Go through the data line by line and count the lines that hold "linetype". Reply with the total only.

(Excerpts from a dataset)
====================
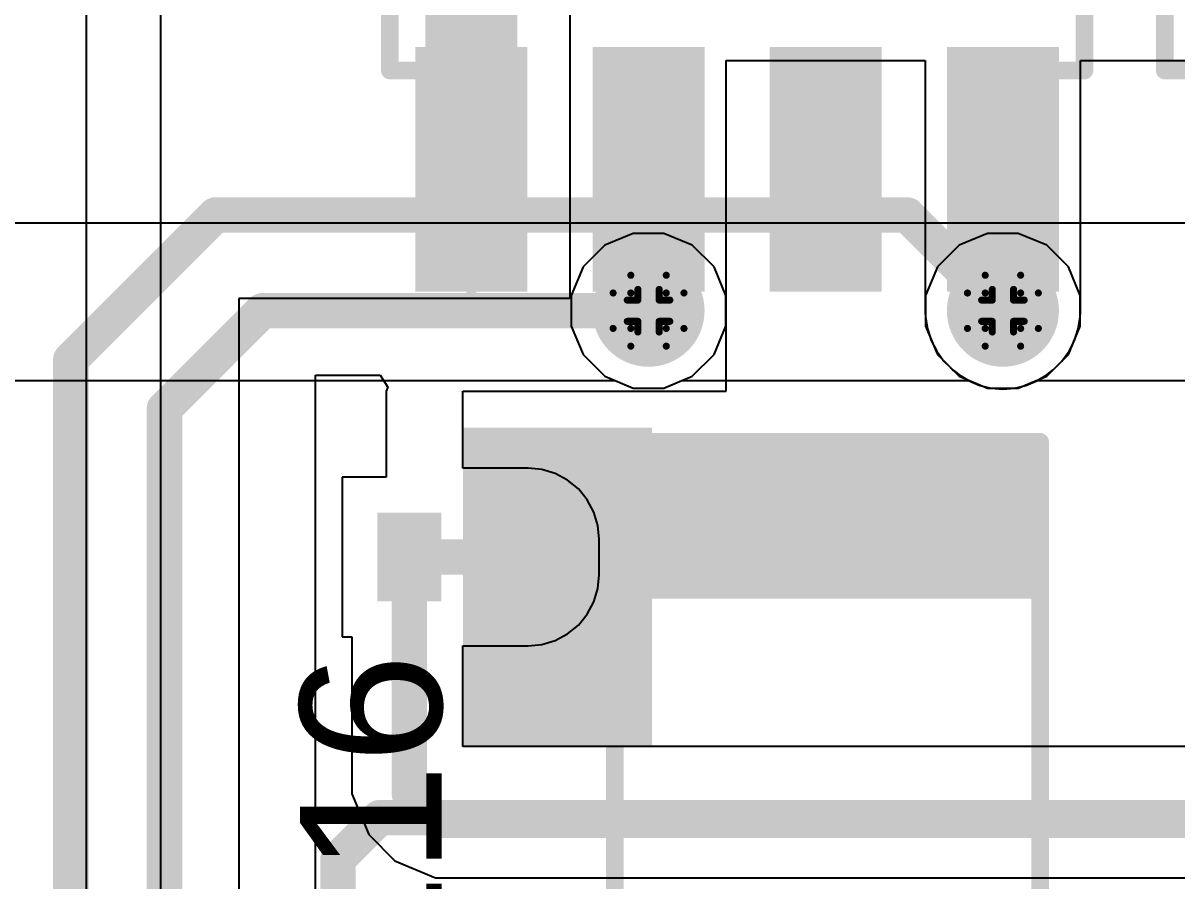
# Model space of a CAD drawing. Header units: inches. Extents: x -4 to 5258, y -4 to 5281.
# Drawn here: x 51.6 to 59.87, y 77.24 to 83.39 of the extents above; entities that cross this region are included whole.
import ezdxf

# ---------------------------------------------------------------- set-up
doc = ezdxf.new("R2010")
doc.units = ezdxf.units.IN
for name, color, linetype in [('Bottom Layer', 5, 'Continuous'), ('Bottom Solder', 6, 'Continuous'), ('Drill Drawing', 1, 'Continuous'), ('Layer 1', 16, 'Continuous'), ('Layer 2', 76, 'Continuous'), ('Top Layer', 1, 'Continuous'), ('Top Overlay', 2, 'Continuous'), ('Top Paste', 8, 'Continuous'), ('Top Solder', 216, 'Continuous'), ('Via Holes', 16, 'Continuous')]:
    doc.layers.add(name, color=color, linetype=linetype)
doc.styles.add('Arial', font='', dxfattribs={"height": 0.2})
doc.styles.get('Arial').set_extended_font_data('Arial')

# ---------------------------------------------------------------- blocks, each defined once
blk = doc.blocks.new('SOIC_8_10')
at = {"layer": 'Top Layer'}
for points in [[(-1.925, 2.205), (-1.925, 1.605), (-3.475, 1.605), (-3.475, 2.205)], [(3.475, 2.205), (3.475, 1.605), (1.925, 1.605), (1.925, 2.205)], [(-1.925, 0.935), (-1.925, 0.335), (-3.475, 0.335), (-3.475, 0.935)], [(3.475, 0.935), (3.475, 0.335), (1.925, 0.335), (1.925, 0.935)], [(-1.925, -0.335), (-1.925, -0.935), (-3.475, -0.935), (-3.475, -0.335)], [(3.475, -0.335), (3.475, -0.935), (1.925, -0.935), (1.925, -0.335)], [(-1.925, -1.605), (-1.925, -2.205), (-3.475, -2.205), (-3.475, -1.605)], [(3.475, -1.605), (3.475, -2.205), (1.925, -2.205), (1.925, -1.605)]]:
    blk.add_hatch(color=1, dxfattribs=at).paths.add_polyline_path(points)
at = {"layer": 'Top Overlay'}
blk.add_hatch(color=2, dxfattribs=at).paths.add_polyline_path([(-1.8289, 1.5748), (-1.4987, 1.5748), (-1.4987, 2.2352), (-1.8289, 2.2352)])
at = {"layer": 'Top Paste'}
for points in [[(-1.925, 2.205), (-1.925, 1.605), (-3.475, 1.605), (-3.475, 2.205)], [(3.475, 2.205), (3.475, 1.605), (1.925, 1.605), (1.925, 2.205)], [(-1.925, 0.935), (-1.925, 0.335), (-3.475, 0.335), (-3.475, 0.935)], [(3.475, 0.935), (3.475, 0.335), (1.925, 0.335), (1.925, 0.935)], [(-1.925, -0.335), (-1.925, -0.935), (-3.475, -0.935), (-3.475, -0.335)], [(3.475, -0.335), (3.475, -0.935), (1.925, -0.935), (1.925, -0.335)], [(-1.925, -1.605), (-1.925, -2.205), (-3.475, -2.205), (-3.475, -1.605)], [(3.475, -1.605), (3.475, -2.205), (1.925, -2.205), (1.925, -1.605)]]:
    blk.add_hatch(color=8, dxfattribs=at).paths.add_polyline_path(points)
at = {"layer": 'Top Solder'}
for points in [[(-1.8234, 2.3066), (-1.8234, 1.5034), (-3.5766, 1.5034), (-3.5766, 2.3066)], [(3.5766, 2.3066), (3.5766, 1.5034), (1.8234, 1.5034), (1.8234, 2.3066)], [(-1.8234, 1.0366), (-1.8234, 0.2334), (-3.5766, 0.2334), (-3.5766, 1.0366)], [(3.5766, 1.0366), (3.5766, 0.2334), (1.8234, 0.2334), (1.8234, 1.0366)], [(-1.8234, -0.2334), (-1.8234, -1.0366), (-3.5766, -1.0366), (-3.5766, -0.2334)], [(3.5766, -0.2334), (3.5766, -1.0366), (1.8234, -1.0366), (1.8234, -0.2334)], [(-1.8234, -1.5034), (-1.8234, -2.3066), (-3.5766, -2.3066), (-3.5766, -1.5034)], [(3.5766, -1.5034), (3.5766, -2.3066), (1.8234, -2.3066), (1.8234, -1.5034)]]:
    blk.add_hatch(color=216, dxfattribs=at).paths.add_polyline_path(points)
at = {"layer": 'Top Overlay'}
for points in [[(-1.9906, 2.4892, 0.127, 0.127, 0), (1.9906, 2.4892, 0.127, 0.127, 0)], [(-1.9906, 2.4892, 0.127, 0.127, 0), (-1.9906, 2.3114, 0.127, 0.127, 0)], [(1.9906, 2.4892, 0.127, 0.127, 0), (1.9906, 2.3114, 0.127, 0.127, 0)], [(-3.7592, 2.032, 0.127, 0.127, 0), (-3.7592, 1.778, 0.127, 0.127, 0)], [(-3.7592, 2.032, 0.127, 0.127, 0), (-3.6322, 1.905, 0.127, 0.127, 0)], [(-3.6322, 1.905, 0.127, 0.127, 0), (-3.7592, 1.778, 0.127, 0.127, 0)], [(-1.9906, -2.3114, 0.127, 0.127, 0), (-1.9906, -2.4892, 0.127, 0.127, 0)], [(1.9906, -2.3114, 0.127, 0.127, 0), (1.9906, -2.4892, 0.127, 0.127, 0)], [(-1.9906, -2.4892, 0.127, 0.127, 0), (1.9906, -2.4892, 0.127, 0.127, 0)]]:
    blk.add_lwpolyline(points, format="xyseb", dxfattribs=at)
for points in [[(-2.0223, 2.4892, 0.0635, 0.0635, 1), (-1.9588, 2.4892, 0.0635, 0.0635, 1)], [(-2.0223, 2.4892, 0.0635, 0.0635, 1), (-1.9588, 2.4892, 0.0635, 0.0635, 1)], [(1.9588, 2.4892, 0.0635, 0.0635, 1), (2.0223, 2.4892, 0.0635, 0.0635, 1)], [(1.9588, 2.4892, 0.0635, 0.0635, 1), (2.0223, 2.4892, 0.0635, 0.0635, 1)], [(-2.0223, 2.3114, 0.0635, 0.0635, 1), (-1.9588, 2.3114, 0.0635, 0.0635, 1)], [(1.9588, 2.3114, 0.0635, 0.0635, 1), (2.0223, 2.3114, 0.0635, 0.0635, 1)], [(-3.791, 2.032, 0.0635, 0.0635, 1), (-3.7275, 2.032, 0.0635, 0.0635, 1)], [(-3.791, 2.032, 0.0635, 0.0635, 1), (-3.7275, 2.032, 0.0635, 0.0635, 1)], [(-3.6639, 1.905, 0.0635, 0.0635, 1), (-3.6004, 1.905, 0.0635, 0.0635, 1)], [(-3.6639, 1.905, 0.0635, 0.0635, 1), (-3.6004, 1.905, 0.0635, 0.0635, 1)], [(-3.791, 1.778, 0.0635, 0.0635, 1), (-3.7275, 1.778, 0.0635, 0.0635, 1)], [(-3.791, 1.778, 0.0635, 0.0635, 1), (-3.7275, 1.778, 0.0635, 0.0635, 1)], [(-2.0223, -2.3114, 0.0635, 0.0635, 1), (-1.9588, -2.3114, 0.0635, 0.0635, 1)], [(1.9588, -2.3114, 0.0635, 0.0635, 1), (2.0223, -2.3114, 0.0635, 0.0635, 1)], [(-2.0223, -2.4892, 0.0635, 0.0635, 1), (-1.9588, -2.4892, 0.0635, 0.0635, 1)], [(-2.0223, -2.4892, 0.0635, 0.0635, 1), (-1.9588, -2.4892, 0.0635, 0.0635, 1)], [(1.9588, -2.4892, 0.0635, 0.0635, 1), (2.0223, -2.4892, 0.0635, 0.0635, 1)], [(1.9588, -2.4892, 0.0635, 0.0635, 1), (2.0223, -2.4892, 0.0635, 0.0635, 1)]]:
    blk.add_lwpolyline(points, format="xyseb", close=True, dxfattribs=at)
blk = doc.blocks.new('SOIC_8_12')
at = {"layer": 'Top Layer'}
for points in [[(-1.925, 2.205), (-1.925, 1.605), (-3.475, 1.605), (-3.475, 2.205)], [(3.475, 2.205), (3.475, 1.605), (1.925, 1.605), (1.925, 2.205)], [(-1.925, 0.935), (-1.925, 0.335), (-3.475, 0.335), (-3.475, 0.935)], [(3.475, 0.935), (3.475, 0.335), (1.925, 0.335), (1.925, 0.935)], [(-1.925, -0.335), (-1.925, -0.935), (-3.475, -0.935), (-3.475, -0.335)], [(3.475, -0.335), (3.475, -0.935), (1.925, -0.935), (1.925, -0.335)], [(-1.925, -1.605), (-1.925, -2.205), (-3.475, -2.205), (-3.475, -1.605)], [(3.475, -1.605), (3.475, -2.205), (1.925, -2.205), (1.925, -1.605)]]:
    blk.add_hatch(color=1, dxfattribs=at).paths.add_polyline_path(points)
at = {"layer": 'Top Overlay'}
blk.add_hatch(color=2, dxfattribs=at).paths.add_polyline_path([(-1.8296, 1.5744), (-1.4994, 1.5744), (-1.4994, 2.2348), (-1.8296, 2.2348)])
at = {"layer": 'Top Paste'}
for points in [[(-1.925, 2.205), (-1.925, 1.605), (-3.475, 1.605), (-3.475, 2.205)], [(3.475, 2.205), (3.475, 1.605), (1.925, 1.605), (1.925, 2.205)], [(-1.925, 0.935), (-1.925, 0.335), (-3.475, 0.335), (-3.475, 0.935)], [(3.475, 0.935), (3.475, 0.335), (1.925, 0.335), (1.925, 0.935)], [(-1.925, -0.335), (-1.925, -0.935), (-3.475, -0.935), (-3.475, -0.335)], [(3.475, -0.335), (3.475, -0.935), (1.925, -0.935), (1.925, -0.335)], [(-1.925, -1.605), (-1.925, -2.205), (-3.475, -2.205), (-3.475, -1.605)], [(3.475, -1.605), (3.475, -2.205), (1.925, -2.205), (1.925, -1.605)]]:
    blk.add_hatch(color=8, dxfattribs=at).paths.add_polyline_path(points)
at = {"layer": 'Top Solder'}
for points in [[(-1.8234, 2.3066), (-1.8234, 1.5034), (-3.5766, 1.5034), (-3.5766, 2.3066)], [(3.5766, 2.3066), (3.5766, 1.5034), (1.8234, 1.5034), (1.8234, 2.3066)], [(-1.8234, 1.0366), (-1.8234, 0.2334), (-3.5766, 0.2334), (-3.5766, 1.0366)], [(3.5766, 1.0366), (3.5766, 0.2334), (1.8234, 0.2334), (1.8234, 1.0366)], [(-1.8234, -0.2334), (-1.8234, -1.0366), (-3.5766, -1.0366), (-3.5766, -0.2334)], [(3.5766, -0.2334), (3.5766, -1.0366), (1.8234, -1.0366), (1.8234, -0.2334)], [(-1.8234, -1.5034), (-1.8234, -2.3066), (-3.5766, -2.3066), (-3.5766, -1.5034)], [(3.5766, -1.5034), (3.5766, -2.3066), (1.8234, -2.3066), (1.8234, -1.5034)]]:
    blk.add_hatch(color=216, dxfattribs=at).paths.add_polyline_path(points)
at = {"layer": 'Top Overlay'}
for points in [[(-1.9906, 2.4892, 0.127, 0.127, 0), (1.9906, 2.4892, 0.127, 0.127, 0)], [(-1.9906, 2.4892, 0.127, 0.127, 0), (-1.9906, 2.3114, 0.127, 0.127, 0)], [(1.9906, 2.4892, 0.127, 0.127, 0), (1.9906, 2.3114, 0.127, 0.127, 0)], [(-3.7592, 2.032, 0.127, 0.127, 0), (-3.7592, 1.778, 0.127, 0.127, 0)], [(-3.7592, 2.032, 0.127, 0.127, 0), (-3.6322, 1.905, 0.127, 0.127, 0)], [(-3.6322, 1.905, 0.127, 0.127, 0), (-3.7592, 1.778, 0.127, 0.127, 0)], [(-1.9906, -2.3114, 0.127, 0.127, 0), (-1.9906, -2.4892, 0.127, 0.127, 0)], [(1.9906, -2.3114, 0.127, 0.127, 0), (1.9906, -2.4892, 0.127, 0.127, 0)], [(1.9906, -2.4892, 0.127, 0.127, 0), (-1.9906, -2.4892, 0.127, 0.127, 0)]]:
    blk.add_lwpolyline(points, format="xyseb", dxfattribs=at)
for points in [[(-2.0223, 2.4892, 0.0635, 0.0635, 1), (-1.9588, 2.4892, 0.0635, 0.0635, 1)], [(-2.0223, 2.4892, 0.0635, 0.0635, 1), (-1.9588, 2.4892, 0.0635, 0.0635, 1)], [(1.9588, 2.4892, 0.0635, 0.0635, 1), (2.0223, 2.4892, 0.0635, 0.0635, 1)], [(1.9588, 2.4892, 0.0635, 0.0635, 1), (2.0223, 2.4892, 0.0635, 0.0635, 1)], [(-2.0223, 2.3114, 0.0635, 0.0635, 1), (-1.9588, 2.3114, 0.0635, 0.0635, 1)], [(1.9588, 2.3114, 0.0635, 0.0635, 1), (2.0223, 2.3114, 0.0635, 0.0635, 1)], [(-3.791, 2.032, 0.0635, 0.0635, 1), (-3.7275, 2.032, 0.0635, 0.0635, 1)], [(-3.791, 2.032, 0.0635, 0.0635, 1), (-3.7275, 2.032, 0.0635, 0.0635, 1)], [(-3.6639, 1.905, 0.0635, 0.0635, 1), (-3.6004, 1.905, 0.0635, 0.0635, 1)], [(-3.6639, 1.905, 0.0635, 0.0635, 1), (-3.6004, 1.905, 0.0635, 0.0635, 1)], [(-3.791, 1.778, 0.0635, 0.0635, 1), (-3.7275, 1.778, 0.0635, 0.0635, 1)], [(-3.791, 1.778, 0.0635, 0.0635, 1), (-3.7275, 1.778, 0.0635, 0.0635, 1)], [(-2.0223, -2.3114, 0.0635, 0.0635, 1), (-1.9588, -2.3114, 0.0635, 0.0635, 1)], [(1.9588, -2.3114, 0.0635, 0.0635, 1), (2.0223, -2.3114, 0.0635, 0.0635, 1)], [(-2.0224, -2.4892, 0.0635, 0.0635, 1), (-1.9589, -2.4892, 0.0635, 0.0635, 1)], [(-2.0224, -2.4892, 0.0635, 0.0635, 1), (-1.9589, -2.4892, 0.0635, 0.0635, 1)], [(1.9588, -2.4892, 0.0635, 0.0635, 1), (2.0223, -2.4892, 0.0635, 0.0635, 1)], [(1.9588, -2.4892, 0.0635, 0.0635, 1), (2.0223, -2.4892, 0.0635, 0.0635, 1)]]:
    blk.add_lwpolyline(points, format="xyseb", close=True, dxfattribs=at)
blk = doc.blocks.new('RES_2010_52')
at = {"layer": 'Top Layer'}
for points in [[(-2.8, 1.4), (-1.9, 1.4), (-1.9, -1.4), (-2.8, -1.4)], [(1.9, 1.4), (2.8, 1.4), (2.8, -1.4), (1.9, -1.4)]]:
    blk.add_hatch(color=1, dxfattribs=at).paths.add_polyline_path(points)
at = {"layer": 'Top Paste'}
for points in [[(-2.8, 1.4), (-1.9, 1.4), (-1.9, -1.4), (-2.8, -1.4)], [(1.9, 1.4), (2.8, 1.4), (2.8, -1.4), (1.9, -1.4)]]:
    blk.add_hatch(color=8, dxfattribs=at).paths.add_polyline_path(points)
at = {"layer": 'Top Solder'}
for points in [[(-2.9016, 1.5016), (-1.7984, 1.5016), (-1.7984, -1.5016), (-2.9016, -1.5016)], [(1.7984, 1.5016), (2.9016, 1.5016), (2.9016, -1.5016), (1.7984, -1.5016)]]:
    blk.add_hatch(color=216, dxfattribs=at).paths.add_polyline_path(points)
at = {"layer": 'Top Overlay'}
for points in [[(-2.921, 1.524, 0.127, 0.127, 0), (-2.921, -1.524, 0.127, 0.127, 0)], [(-2.921, 1.524, 0.127, 0.127, 0), (2.921, 1.524, 0.127, 0.127, 0)], [(2.921, 1.524, 0.127, 0.127, 0), (2.921, -1.524, 0.127, 0.127, 0)], [(-2.921, -1.524, 0.127, 0.127, 0), (2.921, -1.524, 0.127, 0.127, 0)]]:
    blk.add_lwpolyline(points, format="xyseb", dxfattribs=at)
for points in [[(-2.9527, 1.524, 0.0635, 0.0635, 1), (-2.8893, 1.524, 0.0635, 0.0635, 1)], [(-2.9527, 1.524, 0.0635, 0.0635, 1), (-2.8893, 1.524, 0.0635, 0.0635, 1)], [(2.8893, 1.524, 0.0635, 0.0635, 1), (2.9527, 1.524, 0.0635, 0.0635, 1)], [(2.8893, 1.524, 0.0635, 0.0635, 1), (2.9527, 1.524, 0.0635, 0.0635, 1)], [(-2.9527, -1.524, 0.0635, 0.0635, 1), (-2.8893, -1.524, 0.0635, 0.0635, 1)], [(-2.9527, -1.524, 0.0635, 0.0635, 1), (-2.8893, -1.524, 0.0635, 0.0635, 1)], [(2.8893, -1.524, 0.0635, 0.0635, 1), (2.9527, -1.524, 0.0635, 0.0635, 1)], [(2.8893, -1.524, 0.0635, 0.0635, 1), (2.9527, -1.524, 0.0635, 0.0635, 1)]]:
    blk.add_lwpolyline(points, format="xyseb", close=True, dxfattribs=at)
blk = doc.blocks.new('N___T___P___177')
at = {"layer": 'Top Layer'}
for points in [[(-0.6985, -0.3175), (-0.6985, 0.3175), (-0.2413, 0.3175), (-0.2413, -0.3175)], [(0.2413, -0.3175), (0.2413, 0.3175), (0.6985, 0.3175), (0.6985, -0.3175)], [(-0.3812, -0.127), (0.3808, -0.127), (0.3808, 0.127), (-0.3812, 0.127)]]:
    blk.add_hatch(color=1, dxfattribs=at).paths.add_polyline_path(points)
at = {"layer": 'Top Paste'}
for points in [[(-0.6985, -0.3175), (-0.6985, 0.3175), (-0.2413, 0.3175), (-0.2413, -0.3175)], [(0.2413, -0.3175), (0.2413, 0.3175), (0.6985, 0.3175), (0.6985, -0.3175)]]:
    blk.add_hatch(color=8, dxfattribs=at).paths.add_polyline_path(points)

msp = doc.modelspace()

# ---------------------------------------------------------------- hatches: boundary and pattern name
at = {"layer": 'Bottom Layer'}
h = msp.add_hatch(color=5, dxfattribs=at)
edge = h.paths.add_edge_path()
edge.add_arc((56.0835, 81.325), 0.3, 0, 360)
h = msp.add_hatch(color=5, dxfattribs=at)
edge = h.paths.add_edge_path()
edge.add_arc((58.6235, 81.325), 0.3, 0, 360)
at = {"layer": 'Bottom Solder'}
h = msp.add_hatch(color=6, dxfattribs=at)
edge = h.paths.add_edge_path()
edge.add_arc((56.0835, 81.325), 0.4016, 0, 360)
h = msp.add_hatch(color=6, dxfattribs=at)
edge = h.paths.add_edge_path()
edge.add_arc((58.6235, 81.325), 0.4016, 0, 360)
at = {"layer": 'Layer 1'}
h = msp.add_hatch(color=16, dxfattribs=at)
edge = h.paths.add_edge_path()
edge.add_arc((56.0835, 81.325), 0.3, 0, 360)
h = msp.add_hatch(color=16, dxfattribs=at)
edge = h.paths.add_edge_path()
edge.add_arc((58.6235, 81.325), 0.3, 0, 360)
at = {"layer": 'Layer 2'}
h = msp.add_hatch(color=76, dxfattribs=at)
edge = h.paths.add_edge_path()
edge.add_arc((56.0835, 81.325), 0.3, 0, 360)
h = msp.add_hatch(color=76, dxfattribs=at)
edge = h.paths.add_edge_path()
edge.add_arc((58.6235, 81.325), 0.3, 0, 360)
at = {"layer": 'Top Layer'}
h = msp.add_hatch(color=1, dxfattribs=at)
edge = h.paths.add_edge_path()
edge.add_arc((56.0835, 81.325), 0.3, 0, 360)
h = msp.add_hatch(color=1, dxfattribs=at)
edge = h.paths.add_edge_path()
edge.add_arc((58.6235, 81.325), 0.3, 0, 360)
msp.add_hatch(color=1, dxfattribs=at).paths.add_polyline_path([(54.7534, 78.2025), (56.109, 78.2025), (56.109, 80.4865), (54.7534, 80.4865)])
at = {"layer": 'Top Solder'}
h = msp.add_hatch(color=216, dxfattribs=at)
edge = h.paths.add_edge_path()
edge.add_arc((56.0835, 81.325), 0.4016, 0, 360)
h = msp.add_hatch(color=216, dxfattribs=at)
edge = h.paths.add_edge_path()
edge.add_arc((58.6235, 81.325), 0.4016, 0, 360)
at = {"layer": 'Via Holes'}
h = msp.add_hatch(color=7, dxfattribs=at)
edge = h.paths.add_edge_path()
edge.add_arc((56.0835, 81.325), 0.15, 0, 360)
h = msp.add_hatch(color=7, dxfattribs=at)
edge = h.paths.add_edge_path()
edge.add_arc((58.6235, 81.325), 0.15, 0, 360)

# ---------------------------------------------------------------- linework, layer by layer
at = {"layer": 'Bottom Layer'}
for p, q in [((106.4882, 81.9521), (50.1444, 81.9521)), ((49.005, 80.8245), (55.8443, 80.8245)), ((55.8443, 80.8245), (55.9733, 80.7711)), ((56.1937, 80.7711), (56.3227, 80.8245)), ((56.3227, 80.8245), (58.3843, 80.8245)), ((58.3843, 80.8245), (58.5133, 80.7711)), ((58.7337, 80.7711), (58.8627, 80.8245)), ((58.8627, 80.8245), (63.9385, 80.8245)), ((55.9733, 80.7711), (56.1937, 80.7711)), ((58.5133, 80.7711), (58.7337, 80.7711))]:
    msp.add_line(p, q, dxfattribs=at)
at = {"layer": 'Drill Drawing'}
for points in [[(55.9565, 81.452, 0.0508, 0.0508, 0), (55.9565, 81.579, 0.0508, 0.0508, 0)], [(55.9565, 81.579, 0.0508, 0.0508, 0), (56.2105, 81.579, 0.0508, 0.0508, 0)], [(56.2105, 81.452, 0.0508, 0.0508, 0), (56.2105, 81.579, 0.0508, 0.0508, 0)], [(58.4965, 81.452, 0.0508, 0.0508, 0), (58.4965, 81.579, 0.0508, 0.0508, 0)], [(58.4965, 81.579, 0.0508, 0.0508, 0), (58.7505, 81.579, 0.0508, 0.0508, 0)], [(58.7505, 81.452, 0.0508, 0.0508, 0), (58.7505, 81.579, 0.0508, 0.0508, 0)], [(55.8295, 81.198, 0.0508, 0.0508, 0), (55.8295, 81.452, 0.0508, 0.0508, 0)], [(55.8295, 81.452, 0.0508, 0.0508, 0), (55.9565, 81.452, 0.0508, 0.0508, 0)], [(56.0073, 81.4012, 0.0508, 0.0508, 0), (56.0073, 81.4774, 0.0508, 0.0508, 0)], [(56.0073, 81.4774, 0.0508, 0.0508, 0), (56.1597, 81.4774, 0.0508, 0.0508, 0)], [(56.1597, 81.4012, 0.0508, 0.0508, 0), (56.1597, 81.4774, 0.0508, 0.0508, 0)], [(56.2105, 81.452, 0.0508, 0.0508, 0), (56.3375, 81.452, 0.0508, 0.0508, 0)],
====================
(Written response): 2